──────── INPUT DATA ────────
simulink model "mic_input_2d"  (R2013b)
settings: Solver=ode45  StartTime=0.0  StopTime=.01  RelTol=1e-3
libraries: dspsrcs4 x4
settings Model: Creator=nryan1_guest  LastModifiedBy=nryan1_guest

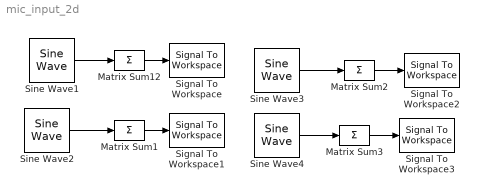
== system mic_input_2d ==
  Matrix Sum{1..3,12} (4 alike) : Sum  Inputs=+  CollapseMode=Specified dimension  CollapseDim=2  SampleTime=1/44100
  Signal To Workspace : SignalToWorkspace  VariableName=mic1
      settings: CopyFcn=dspblkcopystw(gcbh);
  Signal To Workspace1 : SignalToWorkspace  VariableName=mic2
      settings: CopyFcn=dspblkcopystw(gcbh);
  Signal To Workspace2 : SignalToWorkspace  VariableName=mic3
      settings: CopyFcn=dspblkcopystw(gcbh);
  Signal To Workspace3 : SignalToWorkspace  VariableName=mic4
      settings: CopyFcn=dspblkcopystw(gcbh);
  Sine Wave{1..4} (4 alike) : dspsrcs4/Sine Wave  Amplitude=5  Frequency=1000  Phase=0  SampleMode=Discrete  OutComplex=Real  CompMethod=Trigonometric fcn  TableSize=Speed  SampleTime=1/44100  SamplesPerFrame=1  ResetState=Restart at time zero  dataType=double  wordLen=16  udDataType=sfix(16)  fracBitsMode=Best precision  numFracBits=15  OutDataTypeStr=double  LastOutDataTypeStr=double
  wires:
  Sine Wave1/1 -> Matrix Sum12/1
  Matrix Sum12/1 -> Signal To Workspace/1
  Sine Wave2/1 -> Matrix Sum1/1
  Matrix Sum1/1 -> Signal To Workspace1/1
  Sine Wave3/1 -> Matrix Sum2/1
  Matrix Sum2/1 -> Signal To Workspace2/1
  Sine Wave4/1 -> Matrix Sum3/1
  Matrix Sum3/1 -> Signal To Workspace3/1
────────
> **EXERCISE**:
Please, without any pictures, retype the records exactly as they appear.

> **WRITTEN RESPONSE**:
simulink model "mic_input_2d"  (R2013b)
settings: Solver=ode45  StartTime=0.0  StopTime=.01  RelTol=1e-3
libraries: dspsrcs4 x4
settings Model: Creator=nryan1_guest  LastModifiedBy=nryan1_guest

== system mic_input_2d ==
  Matrix Sum{1..3,12} (4 alike) : Sum  Inputs=+  CollapseMode=Specified dimension  CollapseDim=2  SampleTime=1/44100
  Signal To Workspace : SignalToWorkspace  VariableName=mic1
      settings: CopyFcn=dspblkcopystw(gcbh);
  Signal To Workspace1 : SignalToWorkspace  VariableName=mic2
      settings: CopyFcn=dspblkcopystw(gcbh);
  Signal To Workspace2 : SignalToWorkspace  VariableName=mic3
      settings: CopyFcn=dspblkcopystw(gcbh);
  Signal To Workspace3 : SignalToWorkspace  VariableName=mic4
      settings: CopyFcn=dspblkcopystw(gcbh);
  Sine Wave{1..4} (4 alike) : dspsrcs4/Sine Wave  Amplitude=5  Frequency=1000  Phase=0  SampleMode=Discrete  OutComplex=Real  CompMethod=Trigonometric fcn  TableSize=Speed  SampleTime=1/44100  SamplesPerFrame=1  ResetState=Restart at time zero  dataType=double  wordLen=16  udDataType=sfix(16)  fracBitsMode=Best precision  numFracBits=15  OutDataTypeStr=double  LastOutDataTypeStr=double
  wires:
  Sine Wave1/1 -> Matrix Sum12/1
  Matrix Sum12/1 -> Signal To Workspace/1
  Sine Wave2/1 -> Matrix Sum1/1
  Matrix Sum1/1 -> Signal To Workspace1/1
  Sine Wave3/1 -> Matrix Sum2/1
  Matrix Sum2/1 -> Signal To Workspace2/1
  Sine Wave4/1 -> Matrix Sum3/1
  Matrix Sum3/1 -> Signal To Workspace3/1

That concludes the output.